Task description -> Omit the pictures and output exactly the lines from the start of the entries through the line containing "doc.layers.add(name, color=color, linetype=linetype)".

Segment Start: Extracted entries

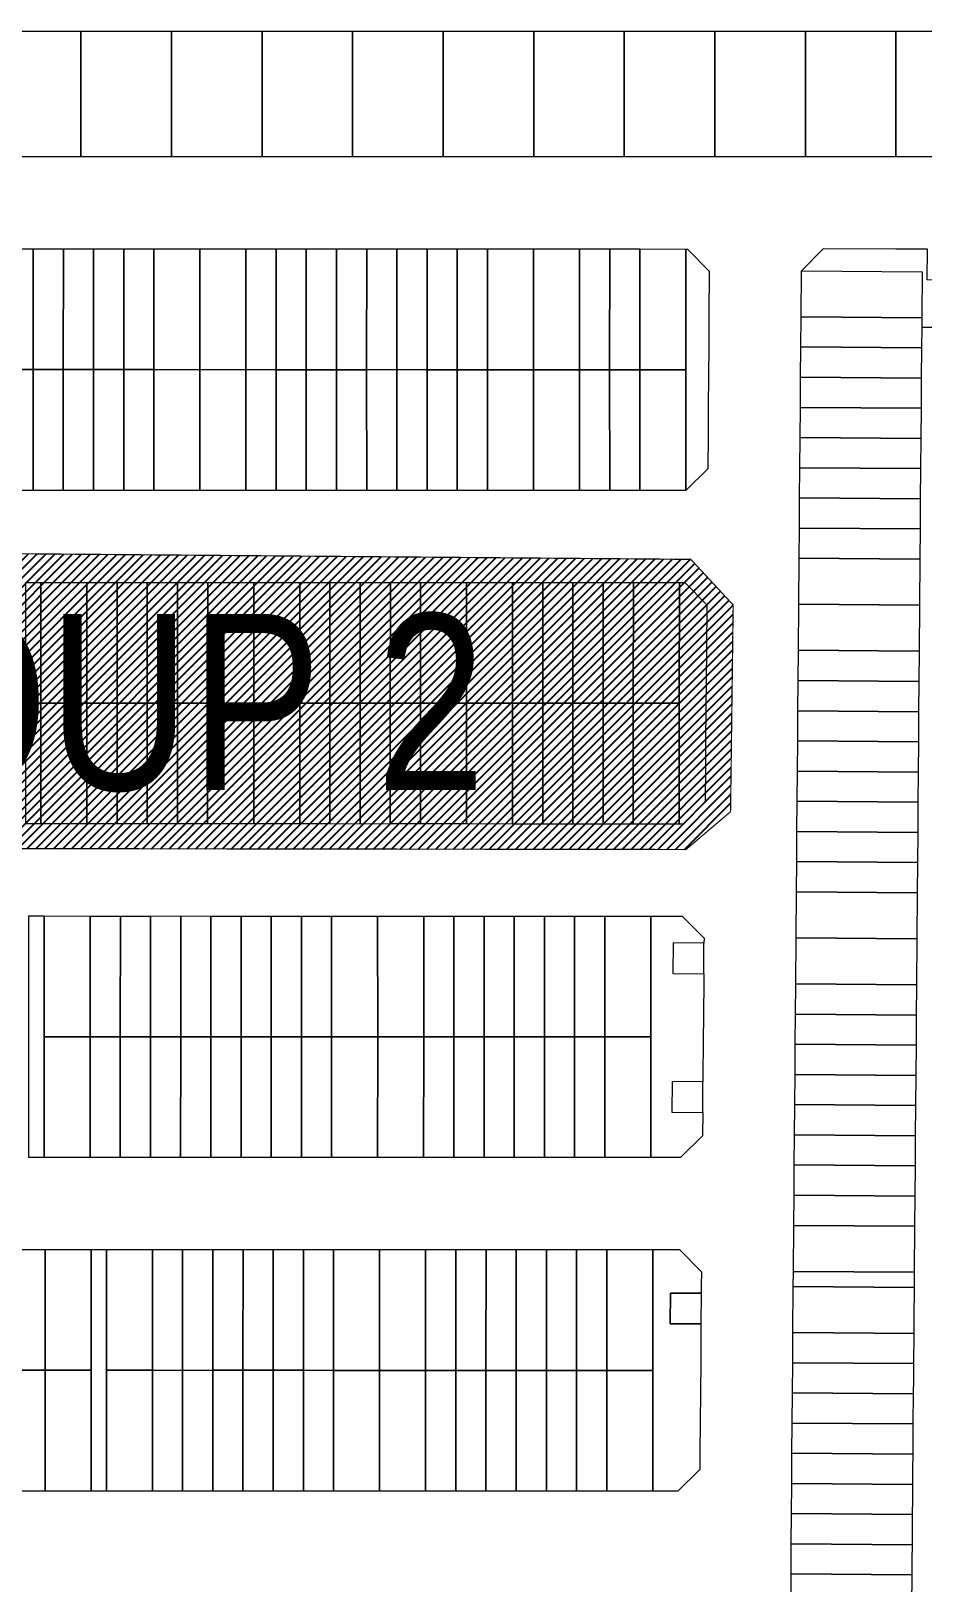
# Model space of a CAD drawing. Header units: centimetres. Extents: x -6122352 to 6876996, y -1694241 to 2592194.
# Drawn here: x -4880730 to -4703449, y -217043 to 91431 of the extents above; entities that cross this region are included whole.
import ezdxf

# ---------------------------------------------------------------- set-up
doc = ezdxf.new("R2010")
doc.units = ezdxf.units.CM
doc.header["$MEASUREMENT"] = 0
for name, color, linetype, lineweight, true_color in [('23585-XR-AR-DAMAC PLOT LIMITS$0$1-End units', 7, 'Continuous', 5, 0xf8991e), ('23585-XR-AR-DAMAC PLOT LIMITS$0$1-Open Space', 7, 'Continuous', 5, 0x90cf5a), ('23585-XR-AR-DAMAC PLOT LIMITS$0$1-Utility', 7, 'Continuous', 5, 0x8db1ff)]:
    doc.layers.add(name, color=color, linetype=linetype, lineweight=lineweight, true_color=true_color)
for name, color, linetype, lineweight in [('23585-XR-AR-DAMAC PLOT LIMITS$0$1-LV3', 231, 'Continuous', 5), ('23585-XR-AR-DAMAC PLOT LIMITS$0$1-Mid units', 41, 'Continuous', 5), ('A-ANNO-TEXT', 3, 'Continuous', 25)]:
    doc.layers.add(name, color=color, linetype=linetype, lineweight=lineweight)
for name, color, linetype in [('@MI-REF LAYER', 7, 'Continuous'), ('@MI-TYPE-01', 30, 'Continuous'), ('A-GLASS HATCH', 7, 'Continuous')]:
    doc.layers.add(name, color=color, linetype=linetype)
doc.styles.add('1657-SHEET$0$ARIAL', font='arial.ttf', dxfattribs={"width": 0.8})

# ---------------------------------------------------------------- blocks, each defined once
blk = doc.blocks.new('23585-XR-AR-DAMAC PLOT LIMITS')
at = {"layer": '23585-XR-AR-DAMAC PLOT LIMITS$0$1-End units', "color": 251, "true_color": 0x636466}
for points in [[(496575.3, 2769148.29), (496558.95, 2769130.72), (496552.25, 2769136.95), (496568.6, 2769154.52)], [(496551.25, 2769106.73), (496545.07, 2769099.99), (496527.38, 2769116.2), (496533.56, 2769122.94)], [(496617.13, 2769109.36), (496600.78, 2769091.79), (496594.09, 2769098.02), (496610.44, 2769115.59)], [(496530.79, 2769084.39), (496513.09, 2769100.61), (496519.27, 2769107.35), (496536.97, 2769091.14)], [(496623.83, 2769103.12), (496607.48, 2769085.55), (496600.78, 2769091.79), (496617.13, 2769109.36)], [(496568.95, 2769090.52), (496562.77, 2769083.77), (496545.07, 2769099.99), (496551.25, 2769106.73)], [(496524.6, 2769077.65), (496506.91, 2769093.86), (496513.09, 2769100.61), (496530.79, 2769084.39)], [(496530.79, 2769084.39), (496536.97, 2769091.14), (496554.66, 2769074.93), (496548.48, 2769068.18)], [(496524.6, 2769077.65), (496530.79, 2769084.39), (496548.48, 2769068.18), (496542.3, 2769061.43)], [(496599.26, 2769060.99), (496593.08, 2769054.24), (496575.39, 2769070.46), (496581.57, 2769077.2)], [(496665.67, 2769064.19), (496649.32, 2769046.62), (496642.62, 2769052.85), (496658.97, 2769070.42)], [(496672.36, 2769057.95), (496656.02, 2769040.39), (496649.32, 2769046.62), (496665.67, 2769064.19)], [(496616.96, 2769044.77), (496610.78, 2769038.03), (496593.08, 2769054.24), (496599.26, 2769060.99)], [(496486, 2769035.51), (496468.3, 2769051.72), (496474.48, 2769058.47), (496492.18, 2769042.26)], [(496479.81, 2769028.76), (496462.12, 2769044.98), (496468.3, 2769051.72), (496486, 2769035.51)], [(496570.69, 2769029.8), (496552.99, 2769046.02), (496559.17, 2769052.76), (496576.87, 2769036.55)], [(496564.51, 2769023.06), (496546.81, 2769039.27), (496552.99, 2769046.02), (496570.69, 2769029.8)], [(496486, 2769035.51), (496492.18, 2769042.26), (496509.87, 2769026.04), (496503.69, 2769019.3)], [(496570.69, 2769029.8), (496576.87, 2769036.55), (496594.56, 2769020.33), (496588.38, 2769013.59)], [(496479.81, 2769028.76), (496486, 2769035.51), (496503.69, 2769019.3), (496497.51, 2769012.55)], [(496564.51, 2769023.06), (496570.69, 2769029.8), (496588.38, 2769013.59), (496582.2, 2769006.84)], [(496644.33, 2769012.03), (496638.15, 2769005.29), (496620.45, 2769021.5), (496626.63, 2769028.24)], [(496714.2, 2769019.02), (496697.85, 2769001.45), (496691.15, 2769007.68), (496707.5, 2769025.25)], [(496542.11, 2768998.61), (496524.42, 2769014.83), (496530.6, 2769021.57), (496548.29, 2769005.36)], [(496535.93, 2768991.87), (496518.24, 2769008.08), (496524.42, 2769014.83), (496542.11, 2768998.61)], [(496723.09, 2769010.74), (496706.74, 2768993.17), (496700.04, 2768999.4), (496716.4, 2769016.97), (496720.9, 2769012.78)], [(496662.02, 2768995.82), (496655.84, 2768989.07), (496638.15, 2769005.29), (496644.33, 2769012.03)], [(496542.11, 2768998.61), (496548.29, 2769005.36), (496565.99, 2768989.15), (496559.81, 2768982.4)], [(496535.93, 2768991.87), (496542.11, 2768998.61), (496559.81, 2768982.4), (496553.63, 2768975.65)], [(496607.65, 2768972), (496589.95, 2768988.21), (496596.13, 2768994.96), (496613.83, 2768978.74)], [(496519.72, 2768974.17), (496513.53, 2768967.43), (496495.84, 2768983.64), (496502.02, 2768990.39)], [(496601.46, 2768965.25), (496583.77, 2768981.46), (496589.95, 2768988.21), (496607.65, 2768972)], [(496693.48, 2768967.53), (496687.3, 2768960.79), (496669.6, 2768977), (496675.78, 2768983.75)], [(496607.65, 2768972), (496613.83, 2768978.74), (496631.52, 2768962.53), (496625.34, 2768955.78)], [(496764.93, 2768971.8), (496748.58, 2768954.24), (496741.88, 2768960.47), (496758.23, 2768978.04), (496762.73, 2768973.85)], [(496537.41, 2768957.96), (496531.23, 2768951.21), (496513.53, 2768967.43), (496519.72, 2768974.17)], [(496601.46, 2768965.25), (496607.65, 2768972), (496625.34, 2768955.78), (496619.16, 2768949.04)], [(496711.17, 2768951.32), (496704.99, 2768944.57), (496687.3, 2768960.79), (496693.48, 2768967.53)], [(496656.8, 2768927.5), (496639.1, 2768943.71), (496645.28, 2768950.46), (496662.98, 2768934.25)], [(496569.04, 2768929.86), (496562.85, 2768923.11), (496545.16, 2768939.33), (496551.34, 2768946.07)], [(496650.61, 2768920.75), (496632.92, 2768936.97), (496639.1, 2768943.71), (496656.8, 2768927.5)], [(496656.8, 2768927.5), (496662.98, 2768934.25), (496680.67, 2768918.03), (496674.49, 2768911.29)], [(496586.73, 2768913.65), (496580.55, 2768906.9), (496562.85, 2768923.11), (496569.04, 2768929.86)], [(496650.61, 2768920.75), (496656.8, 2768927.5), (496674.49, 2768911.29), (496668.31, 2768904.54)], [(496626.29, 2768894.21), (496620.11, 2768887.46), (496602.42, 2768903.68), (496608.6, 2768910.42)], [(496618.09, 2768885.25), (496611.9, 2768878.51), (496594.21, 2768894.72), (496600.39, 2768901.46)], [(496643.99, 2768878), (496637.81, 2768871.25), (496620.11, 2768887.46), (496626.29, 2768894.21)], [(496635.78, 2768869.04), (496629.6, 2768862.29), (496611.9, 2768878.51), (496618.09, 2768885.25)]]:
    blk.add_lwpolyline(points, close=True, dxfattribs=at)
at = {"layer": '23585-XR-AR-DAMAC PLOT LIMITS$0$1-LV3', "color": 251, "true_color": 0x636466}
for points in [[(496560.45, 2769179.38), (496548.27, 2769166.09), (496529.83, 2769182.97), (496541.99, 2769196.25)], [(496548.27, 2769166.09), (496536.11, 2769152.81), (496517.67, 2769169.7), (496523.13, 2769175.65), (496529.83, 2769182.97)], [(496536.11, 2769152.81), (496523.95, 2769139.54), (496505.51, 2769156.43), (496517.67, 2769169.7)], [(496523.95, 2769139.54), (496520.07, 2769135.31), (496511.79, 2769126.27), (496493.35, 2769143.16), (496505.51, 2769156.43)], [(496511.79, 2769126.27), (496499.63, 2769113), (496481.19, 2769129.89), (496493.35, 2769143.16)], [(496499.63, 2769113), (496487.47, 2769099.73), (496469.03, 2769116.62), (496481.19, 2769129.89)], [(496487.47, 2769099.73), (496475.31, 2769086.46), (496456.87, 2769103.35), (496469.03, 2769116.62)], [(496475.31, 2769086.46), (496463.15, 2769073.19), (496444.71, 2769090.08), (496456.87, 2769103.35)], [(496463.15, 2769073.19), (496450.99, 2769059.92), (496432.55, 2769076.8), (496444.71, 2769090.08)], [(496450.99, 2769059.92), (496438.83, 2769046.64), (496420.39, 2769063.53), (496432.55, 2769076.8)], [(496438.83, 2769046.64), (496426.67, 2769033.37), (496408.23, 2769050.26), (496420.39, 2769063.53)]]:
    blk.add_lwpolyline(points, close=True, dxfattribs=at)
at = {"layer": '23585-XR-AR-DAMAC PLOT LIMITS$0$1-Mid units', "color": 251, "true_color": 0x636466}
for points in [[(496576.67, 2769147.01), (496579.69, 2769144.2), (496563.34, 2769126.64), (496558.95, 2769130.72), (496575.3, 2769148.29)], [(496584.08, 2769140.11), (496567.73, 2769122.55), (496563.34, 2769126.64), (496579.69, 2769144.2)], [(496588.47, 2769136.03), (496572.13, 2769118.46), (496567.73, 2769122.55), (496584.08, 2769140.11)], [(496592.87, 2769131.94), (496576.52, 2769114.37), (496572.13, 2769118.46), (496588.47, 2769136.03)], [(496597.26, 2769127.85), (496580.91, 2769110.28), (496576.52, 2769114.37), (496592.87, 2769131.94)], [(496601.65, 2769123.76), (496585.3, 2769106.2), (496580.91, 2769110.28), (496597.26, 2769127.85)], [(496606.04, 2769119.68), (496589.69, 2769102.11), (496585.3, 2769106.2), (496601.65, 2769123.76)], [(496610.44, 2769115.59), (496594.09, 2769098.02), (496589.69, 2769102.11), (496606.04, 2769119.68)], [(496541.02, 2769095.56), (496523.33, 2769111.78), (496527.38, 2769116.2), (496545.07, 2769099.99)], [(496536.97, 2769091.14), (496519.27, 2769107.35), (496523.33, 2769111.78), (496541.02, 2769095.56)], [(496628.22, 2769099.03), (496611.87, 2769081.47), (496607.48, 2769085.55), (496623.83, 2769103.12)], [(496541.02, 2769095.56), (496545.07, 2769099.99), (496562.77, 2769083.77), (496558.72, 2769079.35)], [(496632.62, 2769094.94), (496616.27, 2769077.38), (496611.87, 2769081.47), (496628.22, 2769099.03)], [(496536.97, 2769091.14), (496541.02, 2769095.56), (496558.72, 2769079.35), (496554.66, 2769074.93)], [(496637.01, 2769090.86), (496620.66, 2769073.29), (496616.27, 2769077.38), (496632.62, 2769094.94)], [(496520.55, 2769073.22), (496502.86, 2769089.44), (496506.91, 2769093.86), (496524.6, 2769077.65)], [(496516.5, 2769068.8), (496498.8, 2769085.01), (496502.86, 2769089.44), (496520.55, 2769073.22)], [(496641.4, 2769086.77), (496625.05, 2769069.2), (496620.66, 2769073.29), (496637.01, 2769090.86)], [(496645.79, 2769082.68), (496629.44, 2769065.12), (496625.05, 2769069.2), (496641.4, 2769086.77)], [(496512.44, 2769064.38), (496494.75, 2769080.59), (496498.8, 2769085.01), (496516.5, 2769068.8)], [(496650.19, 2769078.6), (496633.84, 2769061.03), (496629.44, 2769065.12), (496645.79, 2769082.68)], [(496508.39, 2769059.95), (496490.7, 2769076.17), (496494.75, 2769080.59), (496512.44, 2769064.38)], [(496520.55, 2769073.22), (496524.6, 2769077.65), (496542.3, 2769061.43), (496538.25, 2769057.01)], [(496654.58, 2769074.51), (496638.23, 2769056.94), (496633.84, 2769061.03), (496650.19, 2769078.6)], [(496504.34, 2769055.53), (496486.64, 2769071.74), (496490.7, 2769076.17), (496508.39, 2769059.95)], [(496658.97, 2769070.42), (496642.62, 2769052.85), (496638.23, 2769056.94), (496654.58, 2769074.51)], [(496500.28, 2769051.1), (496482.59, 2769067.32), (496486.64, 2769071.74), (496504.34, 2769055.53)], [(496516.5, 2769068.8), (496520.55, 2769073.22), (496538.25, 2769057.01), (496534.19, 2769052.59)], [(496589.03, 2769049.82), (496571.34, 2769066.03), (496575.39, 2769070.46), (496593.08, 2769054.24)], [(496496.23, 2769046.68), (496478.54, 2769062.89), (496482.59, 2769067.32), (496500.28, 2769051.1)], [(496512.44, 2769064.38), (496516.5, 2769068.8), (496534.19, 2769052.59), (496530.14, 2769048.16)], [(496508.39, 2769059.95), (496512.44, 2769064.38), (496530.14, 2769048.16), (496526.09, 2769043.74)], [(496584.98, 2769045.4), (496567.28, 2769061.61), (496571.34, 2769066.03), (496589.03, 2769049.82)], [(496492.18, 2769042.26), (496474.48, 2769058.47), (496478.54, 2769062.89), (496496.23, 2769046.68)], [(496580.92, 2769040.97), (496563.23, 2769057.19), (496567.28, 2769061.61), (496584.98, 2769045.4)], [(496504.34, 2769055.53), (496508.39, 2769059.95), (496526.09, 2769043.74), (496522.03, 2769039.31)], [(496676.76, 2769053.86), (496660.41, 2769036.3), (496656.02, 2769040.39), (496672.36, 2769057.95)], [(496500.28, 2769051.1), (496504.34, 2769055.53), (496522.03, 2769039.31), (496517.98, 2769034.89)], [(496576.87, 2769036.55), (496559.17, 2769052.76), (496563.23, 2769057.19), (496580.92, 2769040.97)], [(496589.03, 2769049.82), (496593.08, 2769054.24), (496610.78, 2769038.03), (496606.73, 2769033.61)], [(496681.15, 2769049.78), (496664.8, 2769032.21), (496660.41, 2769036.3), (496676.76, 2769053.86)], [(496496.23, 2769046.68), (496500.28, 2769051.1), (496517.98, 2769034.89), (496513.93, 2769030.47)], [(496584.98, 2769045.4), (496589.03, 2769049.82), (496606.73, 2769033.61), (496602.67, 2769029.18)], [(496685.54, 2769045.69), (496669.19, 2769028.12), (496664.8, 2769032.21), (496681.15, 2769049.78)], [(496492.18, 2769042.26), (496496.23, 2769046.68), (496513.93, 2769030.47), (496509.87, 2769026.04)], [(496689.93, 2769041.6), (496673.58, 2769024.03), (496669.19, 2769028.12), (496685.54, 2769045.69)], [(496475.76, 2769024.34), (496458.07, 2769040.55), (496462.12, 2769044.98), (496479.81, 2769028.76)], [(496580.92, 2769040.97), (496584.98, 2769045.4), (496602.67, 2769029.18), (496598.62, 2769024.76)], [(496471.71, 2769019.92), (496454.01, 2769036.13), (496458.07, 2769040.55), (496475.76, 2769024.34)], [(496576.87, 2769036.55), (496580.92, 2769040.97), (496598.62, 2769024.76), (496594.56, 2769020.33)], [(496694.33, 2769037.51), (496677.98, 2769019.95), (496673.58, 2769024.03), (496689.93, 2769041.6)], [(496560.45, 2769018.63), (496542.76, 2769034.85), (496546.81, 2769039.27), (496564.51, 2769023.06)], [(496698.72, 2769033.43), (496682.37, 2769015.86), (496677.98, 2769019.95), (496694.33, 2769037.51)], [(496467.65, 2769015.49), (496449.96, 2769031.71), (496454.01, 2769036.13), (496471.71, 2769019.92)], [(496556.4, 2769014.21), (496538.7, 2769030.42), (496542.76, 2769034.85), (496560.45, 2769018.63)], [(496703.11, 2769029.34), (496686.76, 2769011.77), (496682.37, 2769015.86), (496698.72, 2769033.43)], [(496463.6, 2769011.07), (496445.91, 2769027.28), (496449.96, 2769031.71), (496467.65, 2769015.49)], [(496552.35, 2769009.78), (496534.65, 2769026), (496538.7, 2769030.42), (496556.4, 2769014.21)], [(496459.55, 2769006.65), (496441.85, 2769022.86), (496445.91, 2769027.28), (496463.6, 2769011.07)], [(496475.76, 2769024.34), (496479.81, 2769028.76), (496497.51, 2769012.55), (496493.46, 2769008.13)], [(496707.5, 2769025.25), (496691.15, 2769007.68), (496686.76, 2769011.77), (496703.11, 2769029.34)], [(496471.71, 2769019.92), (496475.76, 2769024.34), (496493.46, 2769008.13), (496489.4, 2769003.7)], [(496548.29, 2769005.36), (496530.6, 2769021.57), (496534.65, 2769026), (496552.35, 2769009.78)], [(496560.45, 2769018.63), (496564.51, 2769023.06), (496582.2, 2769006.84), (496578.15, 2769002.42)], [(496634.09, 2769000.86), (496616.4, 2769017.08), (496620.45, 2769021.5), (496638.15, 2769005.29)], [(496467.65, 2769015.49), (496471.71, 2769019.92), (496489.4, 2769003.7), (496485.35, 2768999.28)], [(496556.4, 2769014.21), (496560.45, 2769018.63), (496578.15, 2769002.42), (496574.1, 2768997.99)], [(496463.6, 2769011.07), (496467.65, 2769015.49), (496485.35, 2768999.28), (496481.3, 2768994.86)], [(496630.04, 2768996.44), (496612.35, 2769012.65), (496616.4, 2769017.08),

Segment End: Extracted entries

Solution ->
# Model space of a CAD drawing. Header units: centimetres. Extents: x -6122352 to 6876996, y -1694241 to 2592194.
# Drawn here: x -4880730 to -4703449, y -217043 to 91431 of the extents above; entities that cross this region are included whole.
import ezdxf

# ---------------------------------------------------------------- set-up
doc = ezdxf.new("R2010")
doc.units = ezdxf.units.CM
doc.header["$MEASUREMENT"] = 0
for name, color, linetype, lineweight, true_color in [('23585-XR-AR-DAMAC PLOT LIMITS$0$1-End units', 7, 'Continuous', 5, 0xf8991e), ('23585-XR-AR-DAMAC PLOT LIMITS$0$1-Open Space', 7, 'Continuous', 5, 0x90cf5a), ('23585-XR-AR-DAMAC PLOT LIMITS$0$1-Utility', 7, 'Continuous', 5, 0x8db1ff)]:
    doc.layers.add(name, color=color, linetype=linetype, lineweight=lineweight, true_color=true_color)
for name, color, linetype, lineweight in [('23585-XR-AR-DAMAC PLOT LIMITS$0$1-LV3', 231, 'Continuous', 5), ('23585-XR-AR-DAMAC PLOT LIMITS$0$1-Mid units', 41, 'Continuous', 5), ('A-ANNO-TEXT', 3, 'Continuous', 25)]:
    doc.layers.add(name, color=color, linetype=linetype, lineweight=lineweight)
for name, color, linetype in [('@MI-REF LAYER', 7, 'Continuous'), ('@MI-TYPE-01', 30, 'Continuous'), ('A-GLASS HATCH', 7, 'Continuous')]:
    doc.layers.add(name, color=color, linetype=linetype)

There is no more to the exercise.